### Exercise prompt
What lines of the listing include the string "VECTOR"? Show them all.

== Segment start ==

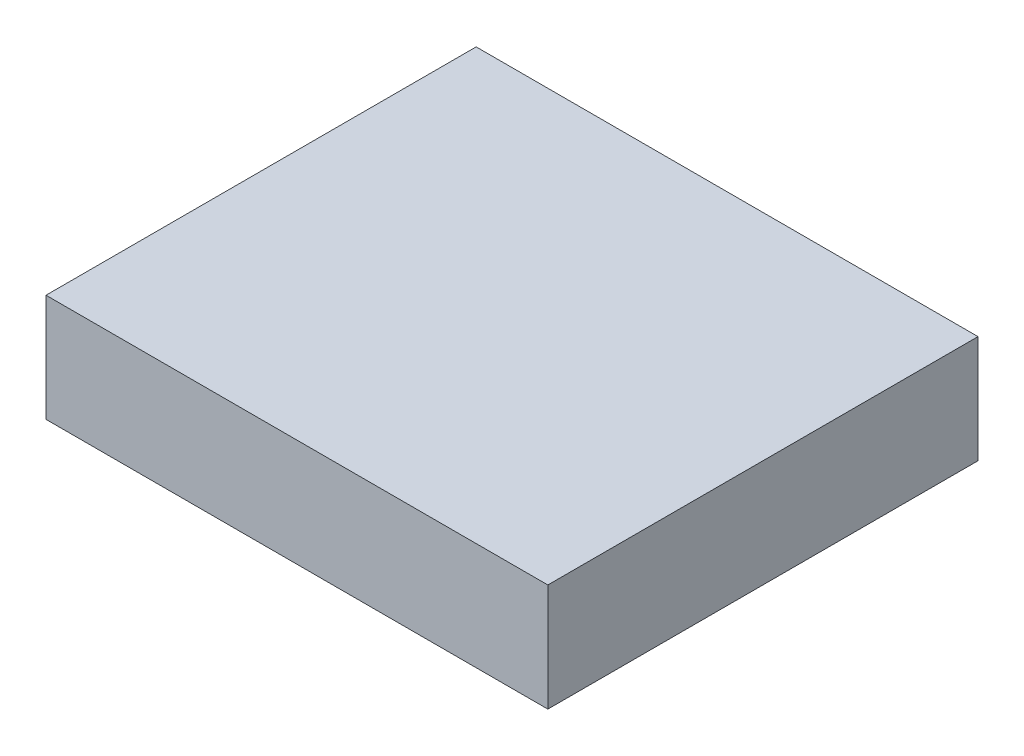
ISO-10303-21;
HEADER;
FILE_DESCRIPTION(('STEP AP214'),'2;1');
FILE_NAME('part.step','',(''),(''),'','','');
FILE_SCHEMA(('AUTOMOTIVE_DESIGN { 1 0 10303 214 1 1 1 1 }'));
ENDSEC;
DATA;
#1=APPLICATION_CONTEXT('core data for automotive mechanical design processes');
#2=APPLICATION_PROTOCOL_DEFINITION('international standard','automotive_design',2000,#1);
#3=PRODUCT_CONTEXT('',#1,'mechanical');
#4=PRODUCT('Part','Part','',(#3));
#5=PRODUCT_RELATED_PRODUCT_CATEGORY('part','',(#4));
#6=PRODUCT_DEFINITION_FORMATION('','',#4);
#7=PRODUCT_DEFINITION_CONTEXT('part definition',#1,'design');
#8=PRODUCT_DEFINITION('design','',#6,#7);
#9=PRODUCT_DEFINITION_SHAPE('','',#8);
#10=(LENGTH_UNIT() NAMED_UNIT(*) SI_UNIT(.MILLI.,.METRE.));
#11=(NAMED_UNIT(*) PLANE_ANGLE_UNIT() SI_UNIT($,.RADIAN.));
#12=(NAMED_UNIT(*) SI_UNIT($,.STERADIAN.) SOLID_ANGLE_UNIT());
#13=UNCERTAINTY_MEASURE_WITH_UNIT(LENGTH_MEASURE(1.E-05),#10,'distance_accuracy_value','');
#14=(GEOMETRIC_REPRESENTATION_CONTEXT(3) GLOBAL_UNCERTAINTY_ASSIGNED_CONTEXT((#13)) GLOBAL_UNIT_ASSIGNED_CONTEXT((#10,
#11,#12)) REPRESENTATION_CONTEXT('',''));
#15=CARTESIAN_POINT('',(0.,0.,0.));
#16=DIRECTION('',(0.,0.,1.));
#17=DIRECTION('',(1.,0.,0.));
#18=AXIS2_PLACEMENT_3D('',#15,#16,#17);
#19=CARTESIAN_POINT('',(-1.84150326797386,0.75,-0.869281045751634));
#20=DIRECTION('',(1.,0.,0.));
#21=DIRECTION('',(0.,0.,-1.));
#22=AXIS2_PLACEMENT_3D('',#19,#20,#21);
#23=PLANE('',#22);
#24=DIRECTION('',(0.,0.,1.));
#25=VECTOR('',#24,1.);
#26=CARTESIAN_POINT('',(-1.84150326797386,0.,-0.869281045751634));
#27=LINE('',#26,#25);
#28=CARTESIAN_POINT('',(-1.84150326797386,0.,-0.869281045751634));
#29=VERTEX_POINT('',#28);
#30=CARTESIAN_POINT('',(-1.84150326797386,0.,2.13071895424837));
#31=VERTEX_POINT('',#30);
#32=EDGE_CURVE('E109',#29,#31,#27,.T.);
#33=ORIENTED_EDGE('',*,*,#32,.T.);
#34=DIRECTION('',(0.,-1.,0.));
#35=VECTOR('',#34,1.);
#36=CARTESIAN_POINT('',(-1.84150326797386,0.75,2.13071895424837));
#37=LINE('',#36,#35);
#38=CARTESIAN_POINT('',(-1.84150326797386,0.75,2.13071895424837));
#39=VERTEX_POINT('',#38);
#40=EDGE_CURVE('E11',#39,#31,#37,.T.);
#41=ORIENTED_EDGE('',*,*,#40,.F.);
#42=DIRECTION('',(0.,0.,1.));
#43=VECTOR('',#42,1.);
#44=CARTESIAN_POINT('',(-1.84150326797386,0.75,-0.869281045751634));
#45=LINE('',#44,#43);
#46=CARTESIAN_POINT('',(-1.84150326797386,0.75,-0.869281045751634));
#47=VERTEX_POINT('',#46);
#48=EDGE_CURVE('E93',#47,#39,#45,.T.);
#49=ORIENTED_EDGE('',*,*,#48,.F.);
#50=DIRECTION('',(0.,-1.,0.));
#51=VECTOR('',#50,1.);
#52=CARTESIAN_POINT('',(-1.84150326797386,0.75,-0.869281045751634));
#53=LINE('',#52,#51);
#54=EDGE_CURVE('E105',#47,#29,#53,.T.);
#55=ORIENTED_EDGE('',*,*,#54,.T.);
#56=EDGE_LOOP('',(#33,#41,#49,#55));
#57=FACE_BOUND('',#56,.T.);
#58=ADVANCED_FACE('F41',(#57),#23,.F.);
#59=CARTESIAN_POINT('',(-1.84150326797386,0.75,2.13071895424837));
#60=DIRECTION('',(0.,0.,-1.));
#61=DIRECTION('',(-1.,0.,0.));
#62=AXIS2_PLACEMENT_3D('',#59,#60,#61);
#63=PLANE('',#62);
#64=DIRECTION('',(1.,0.,0.));
#65=VECTOR('',#64,1.);
#66=CARTESIAN_POINT('',(-1.84150326797386,0.,2.13071895424837));
#67=LINE('',#66,#65);
#68=CARTESIAN_POINT('',(1.65849673202614,0.,2.13071895424837));
#69=VERTEX_POINT('',#68);
#70=EDGE_CURVE('E98',#31,#69,#67,.T.);
#71=ORIENTED_EDGE('',*,*,#70,.T.);
#72=DIRECTION('',(0.,-1.,0.));
#73=VECTOR('',#72,1.);
#74=CARTESIAN_POINT('',(1.65849673202614,0.75,2.13071895424837));
#75=LINE('',#74,#73);
#76=CARTESIAN_POINT('',(1.65849673202614,0.75,2.13071895424837));
#77=VERTEX_POINT('',#76);
#78=EDGE_CURVE('E50',#77,#69,#75,.T.);
#79=ORIENTED_EDGE('',*,*,#78,.F.);
#80=DIRECTION('',(1.,0.,0.));
#81=VECTOR('',#80,1.);
#82=CARTESIAN_POINT('',(-1.84150326797386,0.75,2.13071895424837));
#83=LINE('',#82,#81);
#84=EDGE_CURVE('E88',#39,#77,#83,.T.);
#85=ORIENTED_EDGE('',*,*,#84,.F.);
#86=ORIENTED_EDGE('',*,*,#40,.T.);
#87=EDGE_LOOP('',(#71,#79,#85,#86));
#88=FACE_BOUND('',#87,.T.);
#89=ADVANCED_FACE('F97',(#88),#63,.F.);
#90=CARTESIAN_POINT('',(1.65849673202614,0.75,-0.869281045751634));
#91=DIRECTION('',(-1.,0.,0.));
#92=DIRECTION('',(0.,0.,1.));
#93=AXIS2_PLACEMENT_3D('',#90,#91,#92);
#94=PLANE('',#93);
#95=DIRECTION('',(0.,0.,-1.));
#96=VECTOR('',#95,1.);
#97=CARTESIAN_POINT('',(1.65849673202614,0.,-0.869281045751634));
#98=LINE('',#97,#96);
#99=CARTESIAN_POINT('',(1.65849673202614,0.,-0.869281045751634));
#100=VERTEX_POINT('',#99);
#101=EDGE_CURVE('E75',#69,#100,#98,.T.);
#102=ORIENTED_EDGE('',*,*,#101,.T.);
#103=DIRECTION('',(0.,-1.,0.));
#104=VECTOR('',#103,1.);
#105=CARTESIAN_POINT('',(1.65849673202614,0.75,-0.869281045751634));
#106=LINE('',#105,#104);
#107=CARTESIAN_POINT('',(1.65849673202614,0.75,-0.869281045751634));
#108=VERTEX_POINT('',#107);
#109=EDGE_CURVE('E100',#108,#100,#106,.T.);
#110=ORIENTED_EDGE('',*,*,#109,.F.);
#111=DIRECTION('',(0.,0.,-1.));
#112=VECTOR('',#111,1.);
#113=CARTESIAN_POINT('',(1.65849673202614,0.75,-0.869281045751634));
#114=LINE('',#113,#112);
#115=EDGE_CURVE('E91',#77,#108,#114,.T.);
#116=ORIENTED_EDGE('',*,*,#115,.F.);
#117=ORIENTED_EDGE('',*,*,#78,.T.);
#118=EDGE_LOOP('',(#102,#110,#116,#117));
#119=FACE_BOUND('',#118,.T.);
#120=ADVANCED_FACE('F101',(#119),#94,.F.);
#121=CARTESIAN_POINT('',(-1.84150326797386,0.75,-0.869281045751634));
#122=DIRECTION('',(0.,0.,1.));
#123=DIRECTION('',(1.,0.,0.));
#124=AXIS2_PLACEMENT_3D('',#121,#122,#123);
#125=PLANE('',#124);
#126=DIRECTION('',(-1.,0.,0.));
#127=VECTOR('',#126,1.);
#128=CARTESIAN_POINT('',(-1.84150326797386,0.,-0.869281045751634));
#129=LINE('',#128,#127);
#130=EDGE_CURVE('E81',#100,#29,#129,.T.);
#131=ORIENTED_EDGE('',*,*,#130,.T.);
#132=ORIENTED_EDGE('',*,*,#54,.F.);
#133=DIRECTION('',(-1.,0.,0.));
#134=VECTOR('',#133,1.);
#135=CARTESIAN_POINT('',(-1.84150326797386,0.75,-0.869281045751634));
#136=LINE('',#135,#134);
#137=EDGE_CURVE('E58',#108,#47,#136,.T.);
#138=ORIENTED_EDGE('',*,*,#137,.F.);
#139=ORIENTED_EDGE('',*,*,#109,.T.);
#140=EDGE_LOOP('',(#131,#132,#138,#139));
#141=FACE_BOUND('',#140,.T.);
#142=ADVANCED_FACE('F122',(#141),#125,.F.);
#143=CARTESIAN_POINT('',(0.,0.75,0.));
#144=DIRECTION('',(0.,1.,0.));
#145=DIRECTION('',(0.,0.,1.));
#146=AXIS2_PLACEMENT_3D('',#143,#144,#145);
#147=PLANE('',#146);
#148=ORIENTED_EDGE('',*,*,#48,.T.);
#149=ORIENTED_EDGE('',*,*,#84,.T.);
#150=ORIENTED_EDGE('',*,*,#115,.T.);
#151=ORIENTED_EDGE('',*,*,#137,.T.);
#152=EDGE_LOOP('',(#148,#149,#150,#151));
#153=FACE_BOUND('',#152,.T.);
#154=ADVANCED_FACE('F89',(#153),#147,.T.);
#155=CARTESIAN_POINT('',(0.,0.,0.));
#156=DIRECTION('',(0.,1.,0.));
#157=DIRECTION('',(0.,0.,1.));
#158=AXIS2_PLACEMENT_3D('',#155,#156,#157);
#159=PLANE('',#158);
#160=ORIENTED_EDGE('',*,*,#32,.F.);
#161=ORIENTED_EDGE('',*,*,#130,.F.);
#162=ORIENTED_EDGE('',*,*,#101,.F.);
#163=ORIENTED_EDGE('',*,*,#70,.F.);
#164=EDGE_LOOP('',(#160,#161,#162,#163));
#165=FACE_BOUND('',#164,.T.);
#166=ADVANCED_FACE('F125',(#165),#159,.F.);
#167=CLOSED_SHELL('',(#58,#89,#120,#142,#154,#166));
#168=MANIFOLD_SOLID_BREP('B2',#167);
#169=ADVANCED_BREP_SHAPE_REPRESENTATION('',(#18,#168),#14);
#170=SHAPE_DEFINITION_REPRESENTATION(#9,#169);
ENDSEC;
END-ISO-10303-21;

== Segment end ==

### Response area
#25=VECTOR('',#24,1.);
#35=VECTOR('',#34,1.);
#43=VECTOR('',#42,1.);
#51=VECTOR('',#50,1.);
#65=VECTOR('',#64,1.);
#73=VECTOR('',#72,1.);
#81=VECTOR('',#80,1.);
#96=VECTOR('',#95,1.);
#104=VECTOR('',#103,1.);
#112=VECTOR('',#111,1.);
#127=VECTOR('',#126,1.);
#134=VECTOR('',#133,1.);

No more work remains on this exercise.